(Items from a dataset)
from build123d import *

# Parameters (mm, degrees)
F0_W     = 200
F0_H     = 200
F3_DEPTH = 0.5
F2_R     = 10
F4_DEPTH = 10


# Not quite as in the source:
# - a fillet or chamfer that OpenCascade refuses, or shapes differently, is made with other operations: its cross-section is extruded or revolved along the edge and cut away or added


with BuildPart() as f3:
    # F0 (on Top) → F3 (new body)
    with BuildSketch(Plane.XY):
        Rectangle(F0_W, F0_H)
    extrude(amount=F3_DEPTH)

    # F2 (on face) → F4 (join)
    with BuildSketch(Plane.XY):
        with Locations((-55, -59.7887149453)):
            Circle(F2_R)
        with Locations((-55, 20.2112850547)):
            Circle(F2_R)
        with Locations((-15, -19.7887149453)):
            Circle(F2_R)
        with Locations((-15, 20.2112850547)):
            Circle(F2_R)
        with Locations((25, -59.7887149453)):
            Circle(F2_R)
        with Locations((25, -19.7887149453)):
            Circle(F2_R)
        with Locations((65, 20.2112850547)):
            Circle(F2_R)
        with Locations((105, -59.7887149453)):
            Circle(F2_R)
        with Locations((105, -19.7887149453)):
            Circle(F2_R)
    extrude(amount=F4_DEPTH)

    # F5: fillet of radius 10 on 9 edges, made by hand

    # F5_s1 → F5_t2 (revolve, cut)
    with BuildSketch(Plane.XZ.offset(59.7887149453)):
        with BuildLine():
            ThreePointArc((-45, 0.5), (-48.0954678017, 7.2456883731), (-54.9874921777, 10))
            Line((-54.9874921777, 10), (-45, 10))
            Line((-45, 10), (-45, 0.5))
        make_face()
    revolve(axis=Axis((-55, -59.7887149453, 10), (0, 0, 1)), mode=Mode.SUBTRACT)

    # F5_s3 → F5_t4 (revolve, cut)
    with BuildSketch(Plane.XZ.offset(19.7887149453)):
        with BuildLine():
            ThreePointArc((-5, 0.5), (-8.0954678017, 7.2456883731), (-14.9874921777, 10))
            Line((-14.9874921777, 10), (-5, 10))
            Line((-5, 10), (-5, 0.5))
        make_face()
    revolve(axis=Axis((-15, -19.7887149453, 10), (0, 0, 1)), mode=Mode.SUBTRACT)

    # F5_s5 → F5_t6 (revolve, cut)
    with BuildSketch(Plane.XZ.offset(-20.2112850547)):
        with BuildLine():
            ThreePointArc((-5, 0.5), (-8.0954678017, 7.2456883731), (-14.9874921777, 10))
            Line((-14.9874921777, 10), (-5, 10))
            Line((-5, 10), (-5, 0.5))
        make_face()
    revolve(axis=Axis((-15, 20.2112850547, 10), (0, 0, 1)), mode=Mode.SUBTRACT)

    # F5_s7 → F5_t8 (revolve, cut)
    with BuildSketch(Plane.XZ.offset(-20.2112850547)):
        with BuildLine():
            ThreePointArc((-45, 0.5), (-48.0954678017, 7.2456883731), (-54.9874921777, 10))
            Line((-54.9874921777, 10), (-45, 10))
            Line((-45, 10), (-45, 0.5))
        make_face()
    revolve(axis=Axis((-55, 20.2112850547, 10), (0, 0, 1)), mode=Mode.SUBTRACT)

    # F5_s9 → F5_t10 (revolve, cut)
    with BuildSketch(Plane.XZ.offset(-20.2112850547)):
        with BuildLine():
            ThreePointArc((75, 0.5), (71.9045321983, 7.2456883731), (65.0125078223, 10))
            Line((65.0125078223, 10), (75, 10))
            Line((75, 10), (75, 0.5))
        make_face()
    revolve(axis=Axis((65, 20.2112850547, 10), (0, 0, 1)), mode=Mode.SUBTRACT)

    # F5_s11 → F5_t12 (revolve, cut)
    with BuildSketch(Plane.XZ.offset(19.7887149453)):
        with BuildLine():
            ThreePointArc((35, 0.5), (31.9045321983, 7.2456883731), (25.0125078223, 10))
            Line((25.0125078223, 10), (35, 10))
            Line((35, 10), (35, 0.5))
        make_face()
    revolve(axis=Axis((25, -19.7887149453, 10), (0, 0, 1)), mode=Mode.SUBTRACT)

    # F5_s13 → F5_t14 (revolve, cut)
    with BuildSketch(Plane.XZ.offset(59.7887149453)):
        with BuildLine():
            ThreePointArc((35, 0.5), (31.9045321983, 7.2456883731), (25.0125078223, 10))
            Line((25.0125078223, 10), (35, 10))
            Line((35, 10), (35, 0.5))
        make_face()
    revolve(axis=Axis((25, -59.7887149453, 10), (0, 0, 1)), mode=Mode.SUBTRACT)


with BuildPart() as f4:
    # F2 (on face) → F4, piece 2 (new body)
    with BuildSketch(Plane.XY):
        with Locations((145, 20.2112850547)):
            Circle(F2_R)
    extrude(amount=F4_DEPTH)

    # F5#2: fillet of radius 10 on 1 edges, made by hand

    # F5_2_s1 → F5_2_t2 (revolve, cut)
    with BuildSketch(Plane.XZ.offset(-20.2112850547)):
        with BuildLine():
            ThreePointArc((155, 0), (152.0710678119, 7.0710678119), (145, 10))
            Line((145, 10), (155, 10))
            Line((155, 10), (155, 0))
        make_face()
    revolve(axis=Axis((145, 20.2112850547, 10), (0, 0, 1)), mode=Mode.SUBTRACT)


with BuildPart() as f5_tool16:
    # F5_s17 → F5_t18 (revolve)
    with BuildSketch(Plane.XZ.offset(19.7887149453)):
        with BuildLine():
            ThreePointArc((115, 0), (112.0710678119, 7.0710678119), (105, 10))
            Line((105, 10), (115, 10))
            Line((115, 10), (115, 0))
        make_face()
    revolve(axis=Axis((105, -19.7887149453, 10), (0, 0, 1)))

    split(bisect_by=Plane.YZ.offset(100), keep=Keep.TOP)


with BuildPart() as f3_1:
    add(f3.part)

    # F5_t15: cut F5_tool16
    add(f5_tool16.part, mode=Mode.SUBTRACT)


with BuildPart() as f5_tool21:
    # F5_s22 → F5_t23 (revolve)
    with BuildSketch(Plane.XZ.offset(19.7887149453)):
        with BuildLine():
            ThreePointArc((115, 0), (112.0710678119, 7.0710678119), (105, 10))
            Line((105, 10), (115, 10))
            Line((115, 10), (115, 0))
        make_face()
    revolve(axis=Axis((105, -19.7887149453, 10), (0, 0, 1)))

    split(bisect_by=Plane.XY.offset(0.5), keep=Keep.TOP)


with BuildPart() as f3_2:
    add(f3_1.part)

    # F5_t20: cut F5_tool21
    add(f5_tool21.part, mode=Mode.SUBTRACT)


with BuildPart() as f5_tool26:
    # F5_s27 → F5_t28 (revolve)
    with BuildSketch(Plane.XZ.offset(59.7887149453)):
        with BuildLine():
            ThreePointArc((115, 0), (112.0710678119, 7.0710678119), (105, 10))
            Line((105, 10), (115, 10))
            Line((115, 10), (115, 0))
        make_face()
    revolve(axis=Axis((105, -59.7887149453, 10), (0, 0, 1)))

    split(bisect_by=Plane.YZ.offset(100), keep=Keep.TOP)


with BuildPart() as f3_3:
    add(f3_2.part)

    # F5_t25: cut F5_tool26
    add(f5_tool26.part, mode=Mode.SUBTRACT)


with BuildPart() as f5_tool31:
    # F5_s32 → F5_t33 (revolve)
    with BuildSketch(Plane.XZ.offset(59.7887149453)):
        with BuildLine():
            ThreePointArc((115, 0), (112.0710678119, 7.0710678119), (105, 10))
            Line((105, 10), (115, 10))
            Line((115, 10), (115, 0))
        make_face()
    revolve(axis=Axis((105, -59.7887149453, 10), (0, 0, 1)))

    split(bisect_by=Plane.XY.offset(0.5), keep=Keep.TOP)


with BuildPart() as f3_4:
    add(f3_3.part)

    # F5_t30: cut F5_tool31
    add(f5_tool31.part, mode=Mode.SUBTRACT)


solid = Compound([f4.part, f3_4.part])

▶ **ABOUT THIS EXERCISE**:
Copy each line from the records above that includes the string "radius".

▶ **TASK SOLUTION**:
    # F5: fillet of radius 10 on 9 edges, made by hand
    # F5#2: fillet of radius 10 on 1 edges, made by hand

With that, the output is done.